No, a door opening is not your mind playing tricks on you. Something you *think* you see that is then clearly not there is your mind playing tricks on you--a door opening on its own is an invitation to arson. (By which I mean burn the house down and go the hell home.)

"cold invitedness" makes no sense. Is it inviting or not? Inviting places are not cold.

Whirlpool--water. Whirlwind--air. They are not interchangeable.

It's almost funny when you say "No more words were needed" and then the very next line opens with dialog. >.>

I think this fear infuser is an idiot. People who are timid by nature do not do brave things. Doing a brave thing is proof positive that you aren't nearly as timid as the narrator would have you believe, you know?

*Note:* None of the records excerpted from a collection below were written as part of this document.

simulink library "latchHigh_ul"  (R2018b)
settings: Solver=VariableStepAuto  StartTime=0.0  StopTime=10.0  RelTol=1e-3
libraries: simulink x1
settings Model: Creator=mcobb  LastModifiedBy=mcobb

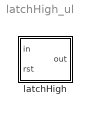
== system latchHigh_ul ==
  latchHigh : Subsystem

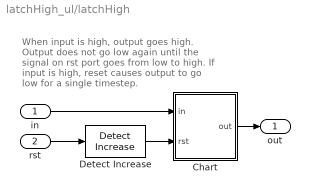
== system latchHigh_ul/latchHigh ==
  note: When input is high, output goes high.
      | Output does not go low again until the
      | signal on rst port goes from low to high.
      | If input is high, reset causes output to
      | go low for a single timestep.
  in : Inport  OutDataTypeStr=boolean  PortDimensions=1
  rst : Inport  Port=2  OutDataTypeStr=boolean  PortDimensions=1
  Chart : Stateflow chart  TreatAsAtomicUnit=on
  Detect Increase : simulink/Logic and Bit Operations/Detect Increase  vinit=false  OutDataTypeStr=boolean
  out : Outport  OutDataTypeStr=boolean  PortDimensions=1
  wires:
  in/1 -> Chart/1(in)
  rst/1 -> Detect Increase/1
  Chart/1(out) -> out/1
  Detect Increase/1 -> Chart/2(rst)

== stateflow chart latchHigh_ul/latchHigh/Chart ==
  state OFF
    out = false;
  state ON
    out = true;
  (default) -> OFF
  ON -> OFF : [rst]
  OFF -> ON : [in]
  data: in input; rst input; out output
simulink model "lqr_model"  (R2021a)
settings: Solver=VariableStepAuto  StartTime=0.0  StopTime=20  FixedStep=0.01  RelTol=1e-3
values from neighbouring files (symbols this model uses):
  FF_L = op.inputs(1).u    [trim_boat.m]
  initial_P = op.states(7).x    [trim_boat.m]
  initial_Q = op.states(3).x    [trim_boat.m]
  initial_R = op.states(8).x    [trim_boat.m]
  initial_uspeed = op.states(1).x    [trim_boat.m]
  initial_vspeed = op.states(6).x    [trim_boat.m]
  initial_wspeed = op.states(2).x    [trim_boat.m]
  initial_Z = op.states(5).x    [trim_boat.m]
  rear_alfas = op.inputs(3).u    [trim_boat.m]
  T = op.inputs(4).u    [trim_boat.m]
undefined symbols (not defined in the file or in its folder): ap2, ar2, ay2, bp2, br2, by2, Eff, K
libraries: simulink x4, pid_lib x1, dsparch4 x1
(part 2 of 2)

== matlab function lqr_model/SensorNoise/MATLAB Function ==
  data: u input; vz output; w input; Pitch input
function vz = fcn(u,w,Pitch)

Roll = 0;
Yaw = 0;

%Inertial to body frame matrix
R = [cosd(Pitch)*cosd(Yaw) cosd(Pitch)*sind(Yaw) -sind(Pitch);
    sind(Roll)*sind(Pitch)*cosd(Yaw)-cosd(Roll)*sind(Yaw) sind(Roll)*sind(Pitch)*sind(Yaw)+cosd(Roll)*cosd(Yaw) sind(Roll)*cosd(Pitch);
    cosd(Roll)*sind(Pitch)*cosd(Yaw)+sind(Roll)*sind(Yaw) cosd(Roll)*sind(Pitch)*sind(Yaw)-sind(Roll)*cosd(Yaw) cosd(Roll)*cosd(Pitch)];

VI_dot = R*[u;0;w];

vz = VI_dot(3);

Same comment kind of applies here; I just don't get anyone's motivation. There is no reason Jimmy is unhappy, and there is no reason he goes into the house, and there is no reason that going into the house makes him less unhappy.


----------



## Aleph01 (Jun 22, 2017)

Not sure if it's because you posted on the forum, or if the original document was like this to begin with, but it irks me when quotation marks are used to describe a persons internal thoughts. I feel this is always something that should be put in italics. (This is a general complaint, not just directed at this piece). 

As an aside, is there any particular reason why some authors use " and others use ' to start/end dialogue? As long as the use within the narrative is consistent it doesn't phase me, I'm just curious as to why some authors do it one way, and others another. Edit: only asking cos I bought the subject of quotation marks up


----------



## JonathanD (Jul 13, 2017)

It has potential and drew me in. A part that bothers me is though is the following


> As he was nearing the house, his steps accelerated. His heartbeat slowed down


It feels contradicting that if his steps accelerated his heartbeat would not slow down actually. Did you write it like this to be intentionally contradicting?


----------



## H.Brown (Jul 14, 2017)

w.riter said:


> Each time that Jimmy passed by the old and in many ways shattered house. His heart would race and his hands dripped with cold sweat, which mixed with the dirt on his hands creating an interesting mixture. No one else would give two cents about this burst of irrational fear the house wasn't that spookey after all. Well to others, that is.
> 
> But, as far as Jimmy was concerned, this house was the ultimate means to avoid cold feet. To avoid his loneliness, his vulnerability, his being cheated by almost everybody, his ... very existence. This whole paragraph does not mamake sensesense. You began this story as a horror but you lose that feeling here.
> 
> ...



w.riter you have the bare bones of a story here which is an amazing thing. However as you can see from my additions in red it has a long way to go yet. However I look forward to it being rewritten as all stories are before they are finished.


----------



## Cran (Jul 17, 2017)

Aleph01 said:


> As an aside, is there any particular reason why some authors use " and others use ' to start/end dialogue? As long as the use within the narrative is consistent it doesn't phase me, I'm just curious as to why some authors do it one way, and others another. Edit: only asking cos I bought the subject of quotation marks up


Yes, the particular reason is that the first form - "..." - is American English and the other - '...' - is British English. Australian English doesn't discriminate and can use either.


>> w.riter - I won't go through the piece point by point because that would be disheartening, for both of us. 

What you have posted are superficial scraps of an idea that's a two-panel scene in your head. With work, it could be an interesting little children's story about facing fears. If you are aiming at an older readership, then you will need to up the game quite a few notches. 

I don't know enough about you as a writer to suggest how best to challenge or encourage you to develop your scene-building and storytelling.


----------